> **Saved data entries**
==*==

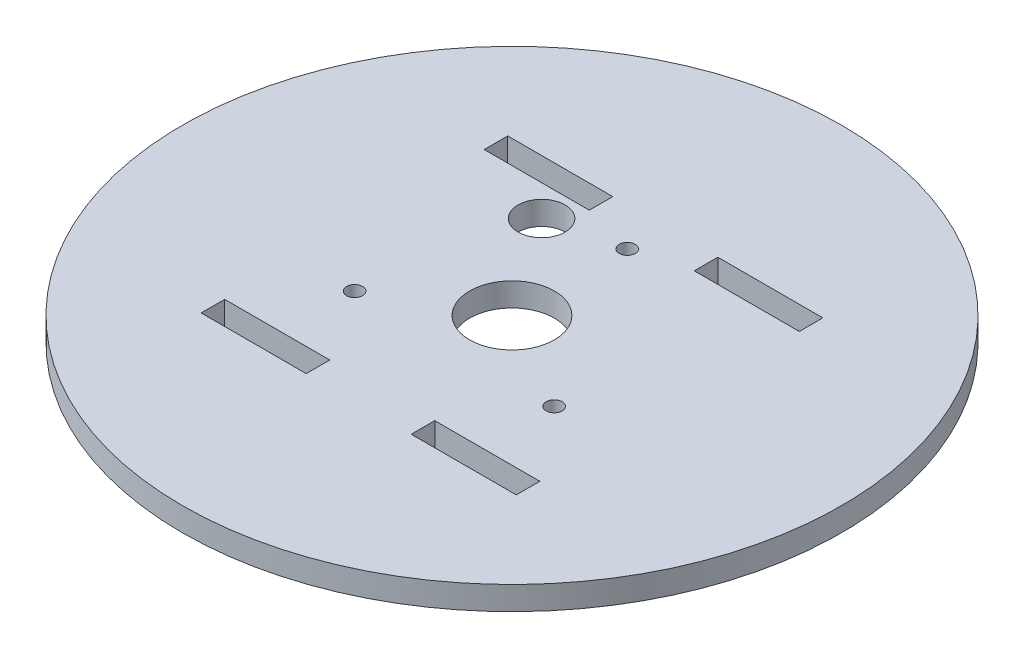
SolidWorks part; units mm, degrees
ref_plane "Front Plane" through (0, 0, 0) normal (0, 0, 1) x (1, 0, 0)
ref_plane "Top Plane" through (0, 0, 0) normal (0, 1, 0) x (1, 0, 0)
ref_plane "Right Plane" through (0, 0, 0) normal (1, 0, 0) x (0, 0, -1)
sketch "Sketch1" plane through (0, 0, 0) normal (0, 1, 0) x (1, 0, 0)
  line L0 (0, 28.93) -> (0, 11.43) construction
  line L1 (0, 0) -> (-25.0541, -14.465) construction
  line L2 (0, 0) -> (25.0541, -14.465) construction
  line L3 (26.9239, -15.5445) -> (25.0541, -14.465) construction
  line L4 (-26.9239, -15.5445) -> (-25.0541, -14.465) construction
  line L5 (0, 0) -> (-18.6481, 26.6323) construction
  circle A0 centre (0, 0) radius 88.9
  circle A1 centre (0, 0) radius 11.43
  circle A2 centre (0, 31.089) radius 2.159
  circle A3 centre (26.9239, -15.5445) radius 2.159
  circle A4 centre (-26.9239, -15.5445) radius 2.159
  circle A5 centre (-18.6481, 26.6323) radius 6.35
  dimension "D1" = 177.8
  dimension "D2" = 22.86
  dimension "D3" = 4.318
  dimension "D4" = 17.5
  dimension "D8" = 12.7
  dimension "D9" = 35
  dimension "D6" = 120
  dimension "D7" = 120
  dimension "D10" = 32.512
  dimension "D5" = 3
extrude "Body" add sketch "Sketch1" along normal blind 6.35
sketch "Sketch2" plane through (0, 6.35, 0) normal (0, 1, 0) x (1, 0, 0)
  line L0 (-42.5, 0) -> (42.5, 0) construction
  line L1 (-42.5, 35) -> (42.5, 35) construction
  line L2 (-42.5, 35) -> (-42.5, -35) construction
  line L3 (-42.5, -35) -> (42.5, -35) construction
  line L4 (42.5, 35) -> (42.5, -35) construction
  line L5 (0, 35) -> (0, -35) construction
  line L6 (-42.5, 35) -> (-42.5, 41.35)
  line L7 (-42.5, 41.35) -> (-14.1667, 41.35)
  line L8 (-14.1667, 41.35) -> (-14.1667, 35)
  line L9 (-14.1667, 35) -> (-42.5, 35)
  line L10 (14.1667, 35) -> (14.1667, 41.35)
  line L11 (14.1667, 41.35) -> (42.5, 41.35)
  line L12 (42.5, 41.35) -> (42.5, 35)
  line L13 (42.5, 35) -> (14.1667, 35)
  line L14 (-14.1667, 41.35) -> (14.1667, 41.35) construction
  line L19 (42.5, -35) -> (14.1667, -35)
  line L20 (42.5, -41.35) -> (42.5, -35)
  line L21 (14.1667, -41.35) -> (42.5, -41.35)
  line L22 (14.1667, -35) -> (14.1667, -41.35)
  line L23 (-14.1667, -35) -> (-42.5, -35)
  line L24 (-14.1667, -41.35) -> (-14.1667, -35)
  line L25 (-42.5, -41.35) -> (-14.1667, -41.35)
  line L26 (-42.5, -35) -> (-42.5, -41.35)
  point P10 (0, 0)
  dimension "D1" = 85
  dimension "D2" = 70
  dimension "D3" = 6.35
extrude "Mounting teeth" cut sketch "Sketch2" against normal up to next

==*==

> **WHAT THE TASK REQUIRES**
Starting from the line that contains "circle A4 centre", reproduce each line of the data exactly through the last one.

> **RESULT FOR THIS TASK**
  circle A4 centre (-26.9239, -15.5445) radius 2.159
  circle A5 centre (-18.6481, 26.6323) radius 6.35
  dimension "D1" = 177.8
  dimension "D2" = 22.86
  dimension "D3" = 4.318
  dimension "D4" = 17.5
  dimension "D8" = 12.7
  dimension "D9" = 35
  dimension "D6" = 120
  dimension "D7" = 120
  dimension "D10" = 32.512
  dimension "D5" = 3
extrude "Body" add sketch "Sketch1" along normal blind 6.35
sketch "Sketch2" plane through (0, 6.35, 0) normal (0, 1, 0) x (1, 0, 0)
  line L0 (-42.5, 0) -> (42.5, 0) construction
  line L1 (-42.5, 35) -> (42.5, 35) construction
  line L2 (-42.5, 35) -> (-42.5, -35) construction
  line L3 (-42.5, -35) -> (42.5, -35) construction
  line L4 (42.5, 35) -> (42.5, -35) construction
  line L5 (0, 35) -> (0, -35) construction
  line L6 (-42.5, 35) -> (-42.5, 41.35)
  line L7 (-42.5, 41.35) -> (-14.1667, 41.35)
  line L8 (-14.1667, 41.35) -> (-14.1667, 35)
  line L9 (-14.1667, 35) -> (-42.5, 35)
  line L10 (14.1667, 35) -> (14.1667, 41.35)
  line L11 (14.1667, 41.35) -> (42.5, 41.35)
  line L12 (42.5, 41.35) -> (42.5, 35)
  line L13 (42.5, 35) -> (14.1667, 35)
  line L14 (-14.1667, 41.35) -> (14.1667, 41.35) construction
  line L19 (42.5, -35) -> (14.1667, -35)
  line L20 (42.5, -41.35) -> (42.5, -35)
  line L21 (14.1667, -41.35) -> (42.5, -41.35)
  line L22 (14.1667, -35) -> (14.1667, -41.35)
  line L23 (-14.1667, -35) -> (-42.5, -35)
  line L24 (-14.1667, -41.35) -> (-14.1667, -35)
  line L25 (-42.5, -41.35) -> (-14.1667, -41.35)
  line L26 (-42.5, -35) -> (-42.5, -41.35)
  point P10 (0, 0)
  dimension "D1" = 85
  dimension "D2" = 70
  dimension "D3" = 6.35
extrude "Mounting teeth" cut sketch "Sketch2" against normal up to next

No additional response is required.